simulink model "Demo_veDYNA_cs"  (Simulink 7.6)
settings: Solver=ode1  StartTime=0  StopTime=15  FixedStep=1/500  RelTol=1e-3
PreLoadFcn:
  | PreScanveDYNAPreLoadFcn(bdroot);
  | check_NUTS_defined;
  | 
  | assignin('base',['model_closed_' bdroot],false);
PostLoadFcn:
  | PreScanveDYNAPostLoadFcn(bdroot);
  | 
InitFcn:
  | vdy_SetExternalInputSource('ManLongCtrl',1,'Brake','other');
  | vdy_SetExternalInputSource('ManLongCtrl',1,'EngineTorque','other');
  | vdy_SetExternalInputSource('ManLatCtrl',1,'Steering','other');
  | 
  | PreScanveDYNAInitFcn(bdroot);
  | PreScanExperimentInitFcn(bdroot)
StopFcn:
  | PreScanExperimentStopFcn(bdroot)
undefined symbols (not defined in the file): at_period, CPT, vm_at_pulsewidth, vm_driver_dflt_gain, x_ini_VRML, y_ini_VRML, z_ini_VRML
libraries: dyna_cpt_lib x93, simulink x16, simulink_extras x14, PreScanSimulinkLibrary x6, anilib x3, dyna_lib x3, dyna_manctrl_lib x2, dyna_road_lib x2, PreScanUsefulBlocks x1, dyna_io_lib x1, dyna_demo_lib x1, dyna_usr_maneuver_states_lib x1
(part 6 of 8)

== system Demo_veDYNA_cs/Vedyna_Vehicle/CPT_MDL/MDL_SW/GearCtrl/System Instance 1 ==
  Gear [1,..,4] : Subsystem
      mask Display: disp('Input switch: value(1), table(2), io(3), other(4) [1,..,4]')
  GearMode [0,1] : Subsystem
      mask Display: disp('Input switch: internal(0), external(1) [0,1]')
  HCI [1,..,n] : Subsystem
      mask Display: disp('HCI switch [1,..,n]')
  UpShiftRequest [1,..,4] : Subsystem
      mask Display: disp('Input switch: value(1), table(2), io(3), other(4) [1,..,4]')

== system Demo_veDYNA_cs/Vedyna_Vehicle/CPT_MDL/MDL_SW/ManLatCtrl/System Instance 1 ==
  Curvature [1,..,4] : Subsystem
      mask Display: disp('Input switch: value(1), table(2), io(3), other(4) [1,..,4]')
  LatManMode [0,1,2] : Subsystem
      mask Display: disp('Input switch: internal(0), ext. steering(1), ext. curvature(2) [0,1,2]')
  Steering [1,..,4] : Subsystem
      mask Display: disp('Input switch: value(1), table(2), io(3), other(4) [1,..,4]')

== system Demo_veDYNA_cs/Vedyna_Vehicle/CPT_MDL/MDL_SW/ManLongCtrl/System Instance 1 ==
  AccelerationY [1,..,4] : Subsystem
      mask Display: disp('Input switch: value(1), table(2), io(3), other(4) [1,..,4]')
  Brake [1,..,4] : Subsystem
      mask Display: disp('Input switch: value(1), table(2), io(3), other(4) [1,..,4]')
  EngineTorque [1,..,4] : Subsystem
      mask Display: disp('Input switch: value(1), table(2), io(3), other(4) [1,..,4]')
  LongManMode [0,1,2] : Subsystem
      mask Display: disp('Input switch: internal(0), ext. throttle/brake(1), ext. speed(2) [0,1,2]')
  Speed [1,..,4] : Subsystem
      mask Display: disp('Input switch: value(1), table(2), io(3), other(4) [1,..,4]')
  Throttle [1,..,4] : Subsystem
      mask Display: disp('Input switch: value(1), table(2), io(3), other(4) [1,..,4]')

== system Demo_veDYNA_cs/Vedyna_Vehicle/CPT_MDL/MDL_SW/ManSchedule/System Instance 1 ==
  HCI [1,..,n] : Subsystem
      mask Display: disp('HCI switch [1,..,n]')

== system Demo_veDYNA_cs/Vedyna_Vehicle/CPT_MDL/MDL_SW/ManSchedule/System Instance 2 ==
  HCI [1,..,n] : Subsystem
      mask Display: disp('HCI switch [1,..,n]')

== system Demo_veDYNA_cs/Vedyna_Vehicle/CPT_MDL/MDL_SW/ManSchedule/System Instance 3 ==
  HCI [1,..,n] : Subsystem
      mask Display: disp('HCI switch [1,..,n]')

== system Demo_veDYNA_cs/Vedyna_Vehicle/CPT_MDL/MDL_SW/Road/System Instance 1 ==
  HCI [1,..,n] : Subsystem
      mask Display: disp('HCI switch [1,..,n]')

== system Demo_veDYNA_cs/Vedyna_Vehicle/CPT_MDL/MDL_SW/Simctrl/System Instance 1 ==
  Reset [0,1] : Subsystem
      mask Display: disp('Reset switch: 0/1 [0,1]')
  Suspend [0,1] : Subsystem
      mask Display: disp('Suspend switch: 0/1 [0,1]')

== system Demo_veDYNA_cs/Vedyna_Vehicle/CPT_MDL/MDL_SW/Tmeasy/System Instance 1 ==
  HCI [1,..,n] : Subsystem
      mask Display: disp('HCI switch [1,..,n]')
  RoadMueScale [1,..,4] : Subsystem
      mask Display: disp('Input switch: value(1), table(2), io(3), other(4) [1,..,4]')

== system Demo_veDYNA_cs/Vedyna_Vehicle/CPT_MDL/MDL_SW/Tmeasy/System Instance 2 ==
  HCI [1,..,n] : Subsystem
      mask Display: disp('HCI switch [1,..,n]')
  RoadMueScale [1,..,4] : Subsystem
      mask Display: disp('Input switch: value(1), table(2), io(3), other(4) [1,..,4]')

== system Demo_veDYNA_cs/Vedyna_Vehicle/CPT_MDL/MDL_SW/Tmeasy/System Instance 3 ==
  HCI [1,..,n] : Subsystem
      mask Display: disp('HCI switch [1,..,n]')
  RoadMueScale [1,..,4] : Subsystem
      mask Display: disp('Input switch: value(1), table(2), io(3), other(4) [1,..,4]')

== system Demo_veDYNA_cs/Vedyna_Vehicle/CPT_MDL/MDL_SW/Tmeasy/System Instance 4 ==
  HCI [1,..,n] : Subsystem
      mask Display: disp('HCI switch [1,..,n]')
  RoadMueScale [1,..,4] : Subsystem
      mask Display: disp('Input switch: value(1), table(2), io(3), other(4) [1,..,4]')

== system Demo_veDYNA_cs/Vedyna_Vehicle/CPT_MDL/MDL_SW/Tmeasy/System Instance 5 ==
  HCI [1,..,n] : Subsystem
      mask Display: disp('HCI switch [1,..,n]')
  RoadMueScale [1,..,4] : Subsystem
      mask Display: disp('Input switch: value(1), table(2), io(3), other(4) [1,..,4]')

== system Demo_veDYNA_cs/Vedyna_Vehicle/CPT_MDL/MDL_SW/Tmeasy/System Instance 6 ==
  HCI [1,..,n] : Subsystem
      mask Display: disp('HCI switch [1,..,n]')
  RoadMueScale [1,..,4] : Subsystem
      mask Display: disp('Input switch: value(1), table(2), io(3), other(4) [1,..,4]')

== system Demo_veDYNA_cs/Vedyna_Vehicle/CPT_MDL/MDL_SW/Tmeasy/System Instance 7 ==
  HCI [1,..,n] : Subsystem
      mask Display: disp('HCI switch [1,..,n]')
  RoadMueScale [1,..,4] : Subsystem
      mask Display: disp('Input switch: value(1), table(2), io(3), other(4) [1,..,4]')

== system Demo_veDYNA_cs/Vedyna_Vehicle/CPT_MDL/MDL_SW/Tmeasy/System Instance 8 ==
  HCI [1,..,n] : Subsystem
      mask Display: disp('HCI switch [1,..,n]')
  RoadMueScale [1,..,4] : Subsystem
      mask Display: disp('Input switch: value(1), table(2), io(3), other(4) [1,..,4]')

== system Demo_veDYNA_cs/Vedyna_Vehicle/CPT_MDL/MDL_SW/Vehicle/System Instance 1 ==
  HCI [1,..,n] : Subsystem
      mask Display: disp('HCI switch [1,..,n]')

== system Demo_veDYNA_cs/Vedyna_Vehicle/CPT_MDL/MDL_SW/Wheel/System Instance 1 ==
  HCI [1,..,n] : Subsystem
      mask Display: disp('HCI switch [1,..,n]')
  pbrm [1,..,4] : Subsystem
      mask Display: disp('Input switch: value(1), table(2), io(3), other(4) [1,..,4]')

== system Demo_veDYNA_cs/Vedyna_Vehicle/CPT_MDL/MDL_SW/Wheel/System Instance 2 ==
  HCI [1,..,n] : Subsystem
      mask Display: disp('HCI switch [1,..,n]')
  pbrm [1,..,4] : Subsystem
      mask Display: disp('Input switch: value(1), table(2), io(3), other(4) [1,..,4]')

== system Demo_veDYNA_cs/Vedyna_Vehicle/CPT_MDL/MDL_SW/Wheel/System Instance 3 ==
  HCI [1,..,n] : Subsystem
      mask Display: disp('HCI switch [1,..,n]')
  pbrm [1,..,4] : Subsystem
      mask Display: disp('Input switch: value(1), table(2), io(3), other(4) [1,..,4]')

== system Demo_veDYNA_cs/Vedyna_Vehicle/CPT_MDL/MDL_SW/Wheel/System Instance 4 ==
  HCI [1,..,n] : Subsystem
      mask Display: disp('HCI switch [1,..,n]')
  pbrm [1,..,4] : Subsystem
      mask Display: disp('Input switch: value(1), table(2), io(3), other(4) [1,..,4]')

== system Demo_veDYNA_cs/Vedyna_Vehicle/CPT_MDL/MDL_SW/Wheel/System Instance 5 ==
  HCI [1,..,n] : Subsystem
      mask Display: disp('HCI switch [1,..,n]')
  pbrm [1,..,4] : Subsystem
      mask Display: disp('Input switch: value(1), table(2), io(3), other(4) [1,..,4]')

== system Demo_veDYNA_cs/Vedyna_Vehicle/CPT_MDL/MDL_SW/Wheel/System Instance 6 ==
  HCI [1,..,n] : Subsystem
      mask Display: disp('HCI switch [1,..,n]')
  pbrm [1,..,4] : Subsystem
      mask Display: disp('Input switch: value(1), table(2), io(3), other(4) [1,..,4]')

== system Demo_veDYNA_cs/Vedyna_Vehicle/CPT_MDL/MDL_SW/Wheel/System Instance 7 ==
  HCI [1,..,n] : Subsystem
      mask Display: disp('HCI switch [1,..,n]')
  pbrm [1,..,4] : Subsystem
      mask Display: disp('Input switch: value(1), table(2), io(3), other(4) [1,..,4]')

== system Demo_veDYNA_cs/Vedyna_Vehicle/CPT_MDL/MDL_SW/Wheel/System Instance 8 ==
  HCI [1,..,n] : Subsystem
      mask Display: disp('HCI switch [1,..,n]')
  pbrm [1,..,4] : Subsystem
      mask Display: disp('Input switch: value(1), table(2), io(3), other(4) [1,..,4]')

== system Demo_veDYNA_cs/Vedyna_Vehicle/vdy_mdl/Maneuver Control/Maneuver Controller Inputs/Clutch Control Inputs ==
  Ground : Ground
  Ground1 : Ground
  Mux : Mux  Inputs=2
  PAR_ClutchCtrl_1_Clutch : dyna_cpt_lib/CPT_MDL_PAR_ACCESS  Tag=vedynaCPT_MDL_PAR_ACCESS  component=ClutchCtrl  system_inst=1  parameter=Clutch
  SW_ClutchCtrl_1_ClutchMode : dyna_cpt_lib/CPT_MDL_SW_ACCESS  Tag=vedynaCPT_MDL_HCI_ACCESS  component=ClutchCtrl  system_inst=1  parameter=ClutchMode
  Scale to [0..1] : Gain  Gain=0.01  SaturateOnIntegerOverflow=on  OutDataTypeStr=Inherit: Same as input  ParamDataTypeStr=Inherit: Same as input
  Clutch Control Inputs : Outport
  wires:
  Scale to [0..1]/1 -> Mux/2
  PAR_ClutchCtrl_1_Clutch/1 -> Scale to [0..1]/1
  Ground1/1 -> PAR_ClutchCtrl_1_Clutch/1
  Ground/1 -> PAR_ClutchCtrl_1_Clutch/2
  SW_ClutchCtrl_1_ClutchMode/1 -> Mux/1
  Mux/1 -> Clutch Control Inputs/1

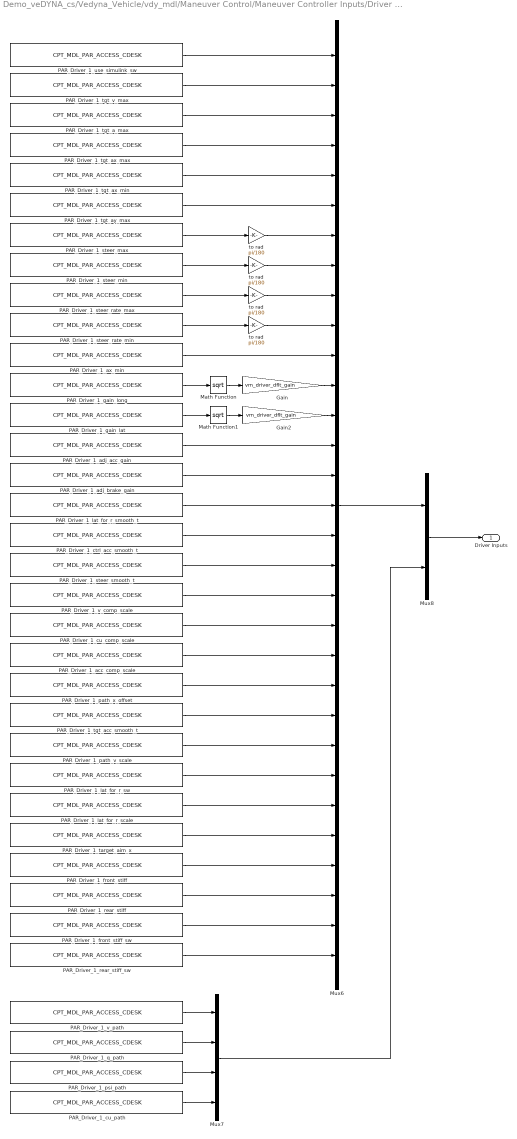
== system Demo_veDYNA_cs/Vedyna_Vehicle/vdy_mdl/Maneuver Control/Maneuver Controller Inputs/Driver Inputs ==
  Gain : Gain  Gain=vm_driver_dflt_gain  SaturateOnIntegerOverflow=on  OutDataTypeStr=Inherit: Same as input  ParamDataTypeStr=Inherit: Same as input
  Gain2 : Gain  Gain=vm_driver_dflt_gain  SaturateOnIntegerOverflow=on  OutDataTypeStr=Inherit: Same as input  ParamDataTypeStr=Inherit: Same as input
  Math Function : Math  Operator=sqrt  SaturateOnIntegerOverflow=on
  Math Function1 : Math  Operator=sqrt  SaturateOnIntegerOverflow=on
  Mux6 : Mux  Inputs=31
  Mux7 : Mux
  Mux8 : Mux  Inputs=2
  PAR_Driver_1_acc_comp_scale : dyna_cpt_lib/CPT_MDL_PAR_ACCESS_CDESK  Tag=vedynaCPT_MDL_PAR_ACCESS  component=Driver  system_inst=1  parameter=acc_comp_scale
  PAR_Driver_1_adj_acc_gain : dyna_cpt_lib/CPT_MDL_PAR_ACCESS_CDESK  Tag=vedynaCPT_MDL_PAR_ACCESS  component=Driver  system_inst=1  parameter=adj_acc_gain
  PAR_Driver_1_adj_brake_gain : dyna_cpt_lib/CPT_MDL_PAR_ACCESS_CDESK  Tag=vedynaCPT_MDL_PAR_ACCESS  component=Driver  system_inst=1  parameter=adj_brake_gain
  PAR_Driver_1_ax_min : dyna_cpt_lib/CPT_MDL_PAR_ACCESS_CDESK  Tag=vedynaCPT_MDL_PAR_ACCESS  component=Driver  system_inst=1  parameter=ax_min
  PAR_Driver_1_ctrl_acc_smooth_t : dyna_cpt_lib/CPT_MDL_PAR_ACCESS_CDESK  Tag=vedynaCPT_MDL_PAR_ACCESS  component=Driver  system_inst=1  parameter=ctrl_acc_smooth_t
  PAR_Driver_1_cu_comp_scale : dyna_cpt_lib/CPT_MDL_PAR_ACCESS_CDESK  Tag=vedynaCPT_MDL_PAR_ACCESS  component=Driver  system_inst=1  parameter=cu_comp_scale
  PAR_Driver_1_cu_path : dyna_cpt_lib/CPT_MDL_PAR_ACCESS_CDESK  Tag=vedynaCPT_MDL_PAR_ACCESS  component=Driver  system_inst=1  parameter=cu_path
  PAR_Driver_1_front_stiff : dyna_cpt_lib/CPT_MDL_PAR_ACCESS_CDESK  Tag=vedynaCPT_MDL_PAR_ACCESS  component=Driver  system_inst=1  parameter=front_stiff
  PAR_Driver_1_front_stiff_sw : dyna_cpt_lib/CPT_MDL_PAR_ACCESS_CDESK  Tag=vedynaCPT_MDL_PAR_ACCESS  component=Driver  system_inst=1  parameter=front_stiff_sw
  PAR_Driver_1_gain_lat : dyna_cpt_lib/CPT_MDL_PAR_ACCESS_CDESK  Tag=vedynaCPT_MDL_PAR_ACCESS  component=Driver  system_inst=1  parameter=gain_lat
  PAR_Driver_1_gain_long : dyna_cpt_lib/CPT_MDL_PAR_ACCESS_CDESK  Tag=vedynaCPT_MDL_PAR_ACCESS  component=Driver  system_inst=1  parameter=gain_long
  PAR_Driver_1_lat_for_r_scale : dyna_cpt_lib/CPT_MDL_PAR_ACCESS_CDESK  Tag=vedynaCPT_MDL_PAR_ACCESS  component=Driver  system_inst=1  parameter=lat_for_r_scale
  PAR_Driver_1_lat_for_r_smooth_t : dyna_cpt_lib/CPT_MDL_PAR_ACCESS_CDESK  Tag=vedynaCPT_MDL_PAR_ACCESS  component=Driver  system_inst=1  parameter=lat_for_r_smooth_t
  PAR_Driver_1_lat_for_r_sw : dyna_cpt_lib/CPT_MDL_PAR_ACCESS_CDESK  Tag=vedynaCPT_MDL_PAR_ACCESS  component=Driver  system_inst=1  parameter=lat_for_r_sw
  PAR_Driver_1_path_v_scale : dyna_cpt_lib/CPT_MDL_PAR_ACCESS_CDESK  Tag=vedynaCPT_MDL_PAR_ACCESS  component=Driver  system_inst=1  parameter=path_v_scale
  PAR_Driver_1_path_x_offset : dyna_cpt_lib/CPT_MDL_PAR_ACCESS_CDESK  Tag=vedynaCPT_MDL_PAR_ACCESS  component=Driver  system_inst=1  parameter=path_x_offset
  PAR_Driver_1_psi_path : dyna_cpt_lib/CPT_MDL_PAR_ACCESS_CDESK  Tag=vedynaCPT_MDL_PAR_ACCESS  component=Driver  system_inst=1  parameter=psi_path
  PAR_Driver_1_q_path : dyna_cpt_lib/CPT_MDL_PAR_ACCESS_CDESK  Tag=vedynaCPT_MDL_PAR_ACCESS  component=Driver  system_inst=1  parameter=q_path
  PAR_Driver_1_rear_stiff : dyna_cpt_lib/CPT_MDL_PAR_ACCESS_CDESK  Tag=vedynaCPT_MDL_PAR_ACCESS  component=Driver  system_inst=1  parameter=rear_stiff
  PAR_Driver_1_rear_stiff_sw : dyna_cpt_lib/CPT_MDL_PAR_ACCESS_CDESK  Tag=vedynaCPT_MDL_PAR_ACCESS  component=Driver  system_inst=1  parameter=rear_stiff_sw
  PAR_Driver_1_steer_max : dyna_cpt_lib/CPT_MDL_PAR_ACCESS_CDESK  Tag=vedynaCPT_MDL_PAR_ACCESS  component=Driver  system_inst=1  parameter=steer_max
  PAR_Driver_1_steer_min : dyna_cpt_lib/CPT_MDL_PAR_ACCESS_CDESK  Tag=vedynaCPT_MDL_PAR_ACCESS  component=Driver  system_inst=1  parameter=steer_min
  PAR_Driver_1_steer_rate_max : dyna_cpt_lib/CPT_MDL_PAR_ACCESS_CDESK  Tag=vedynaCPT_MDL_PAR_ACCESS  component=Driver  system_inst=1  parameter=steer_rate_max
  PAR_Driver_1_steer_rate_min : dyna_cpt_lib/CPT_MDL_PAR_ACCESS_CDESK  Tag=vedynaCPT_MDL_PAR_ACCESS  component=Driver  system_inst=1  parameter=steer_rate_min
  PAR_Driver_1_steer_smooth_t : dyna_cpt_lib/CPT_MDL_PAR_ACCESS_CDESK  Tag=vedynaCPT_MDL_PAR_ACCESS  component=Driver  system_inst=1  parameter=steer_smooth_t
  PAR_Driver_1_target_aim_x : dyna_cpt_lib/CPT_MDL_PAR_ACCESS_CDESK  Tag=vedynaCPT_MDL_PAR_ACCESS  component=Driver  system_inst=1  parameter=target_aim_x
  PAR_Driver_1_tgt_a_max : dyna_cpt_lib/CPT_MDL_PAR_ACCESS_CDESK  Tag=vedynaCPT_MDL_PAR_ACCESS  component=Driver  system_inst=1  parameter=tgt_a_max
  PAR_Driver_1_tgt_acc_smooth_t : dyna_cpt_lib/CPT_MDL_PAR_ACCESS_CDESK  Tag=vedynaCPT_MDL_PAR_ACCESS  component=Driver  system_inst=1  parameter=tgt_acc_smooth_t
  PAR_Driver_1_tgt_ax_max : dyna_cpt_lib/CPT_MDL_PAR_ACCESS_CDESK  Tag=vedynaCPT_MDL_PAR_ACCESS  component=Driver  system_inst=1  parameter=tgt_ax_max
  PAR_Driver_1_tgt_ax_min : dyna_cpt_lib/CPT_MDL_PAR_ACCESS_CDESK  Tag=vedynaCPT_MDL_PAR_ACCESS  component=Driver  system_inst=1  parameter=tgt_ax_min
  PAR_Driver_1_tgt_ay_max : dyna_cpt_lib/CPT_MDL_PAR_ACCESS_CDESK  Tag=vedynaCPT_MDL_PAR_ACCESS  component=Driver  system_inst=1  parameter=tgt_ay_max
  PAR_Driver_1_tgt_v_max : dyna_cpt_lib/CPT_MDL_PAR_ACCESS_CDESK  Tag=vedynaCPT_MDL_PAR_ACCESS  component=Driver  system_inst=1  parameter=tgt_v_max
  PAR_Driver_1_use_simulink_sw : dyna_cpt_lib/CPT_MDL_PAR_ACCESS_CDESK  Tag=vedynaCPT_MDL_PAR_ACCESS  component=Driver  system_inst=1  parameter=use_simulink_sw
  PAR_Driver_1_v_comp_scale : dyna_cpt_lib/CPT_MDL_PAR_ACCESS_CDESK  Tag=vedynaCPT_MDL_PAR_ACCESS  component=Driver  system_inst=1  parameter=v_comp_scale
  PAR_Driver_1_v_path : dyna_cpt_lib/CPT_MDL_PAR_ACCESS_CDESK  Tag=vedynaCPT_MDL_PAR_ACCESS  component=Driver  system_inst=1  parameter=v_path
  to rad : Gain  Gain=pi/180  SaturateOnIntegerOverflow=on  OutDataTypeStr=Inherit: Same as input  ParamDataTypeStr=Inherit: Same as input
  "to rad " : Gain  Gain=pi/180  SaturateOnIntegerOverflow=on  OutDataTypeStr=Inherit: Same as input  ParamDataTypeStr=Inherit: Same as input
  "to rad  " : Gain  Gain=pi/180  SaturateOnIntegerOverflow=on  OutDataTypeStr=Inherit: Same as input  ParamDataTypeStr=Inherit: Same as input
  "to rad   " : Gain  Gain=pi/180  SaturateOnIntegerOverflow=on  OutDataTypeStr=Inherit: Same as input  ParamDataTypeStr=Inherit: Same as input
  Driver Inputs : Outport
  wires:
  to rad/1 -> Mux6/7
  PAR_Driver_1_steer_max/1 -> to rad/1
  "to rad "/1 -> Mux6/8
  PAR_Driver_1_steer_min/1 -> "to rad "/1
  "to rad  "/1 -> Mux6/9
  PAR_Driver_1_steer_rate_max/1 -> "to rad  "/1
  "to rad   "/1 -> Mux6/10
  PAR_Driver_1_steer_rate_min/1 -> "to rad   "/1
  Math Function1/1 -> Gain2/1
  PAR_Driver_1_gain_lat/1 -> Math Function1/1
  Math Function/1 -> Gain/1
  PAR_Driver_1_gain_long/1 -> Math Function/1
  Gain2/1 -> Mux6/13
  Gain/1 -> Mux6/12
  Mux7/1 -> Mux8/2
  Mux8/1 -> Driver Inputs/1
  Mux6/1 -> Mux8/1
  PAR_Driver_1_cu_path/1 -> Mux7/4
  PAR_Driver_1_psi_path/1 -> Mux7/3
  PAR_Driver_1_q_path/1 -> Mux7/2
  PAR_Driver_1_v_path/1 -> Mux7/1
  PAR_Driver_1_rear_stiff_sw/1 -> Mux6/31
  PAR_Driver_1_front_stiff_sw/1 -> Mux6/30
  PAR_Driver_1_rear_stiff/1 -> Mux6/29
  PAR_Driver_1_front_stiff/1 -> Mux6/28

Task instructions: Search the data for "Math Function/1 -> Gain/1". Beginning with that line, set down every line through the last exactly.

Finished task:
  Math Function/1 -> Gain/1
  PAR_Driver_1_gain_long/1 -> Math Function/1
  Gain2/1 -> Mux6/13
  Gain/1 -> Mux6/12
  Mux7/1 -> Mux8/2
  Mux8/1 -> Driver Inputs/1
  Mux6/1 -> Mux8/1
  PAR_Driver_1_cu_path/1 -> Mux7/4
  PAR_Driver_1_psi_path/1 -> Mux7/3
  PAR_Driver_1_q_path/1 -> Mux7/2
  PAR_Driver_1_v_path/1 -> Mux7/1
  PAR_Driver_1_rear_stiff_sw/1 -> Mux6/31
  PAR_Driver_1_front_stiff_sw/1 -> Mux6/30
  PAR_Driver_1_rear_stiff/1 -> Mux6/29
  PAR_Driver_1_front_stiff/1 -> Mux6/28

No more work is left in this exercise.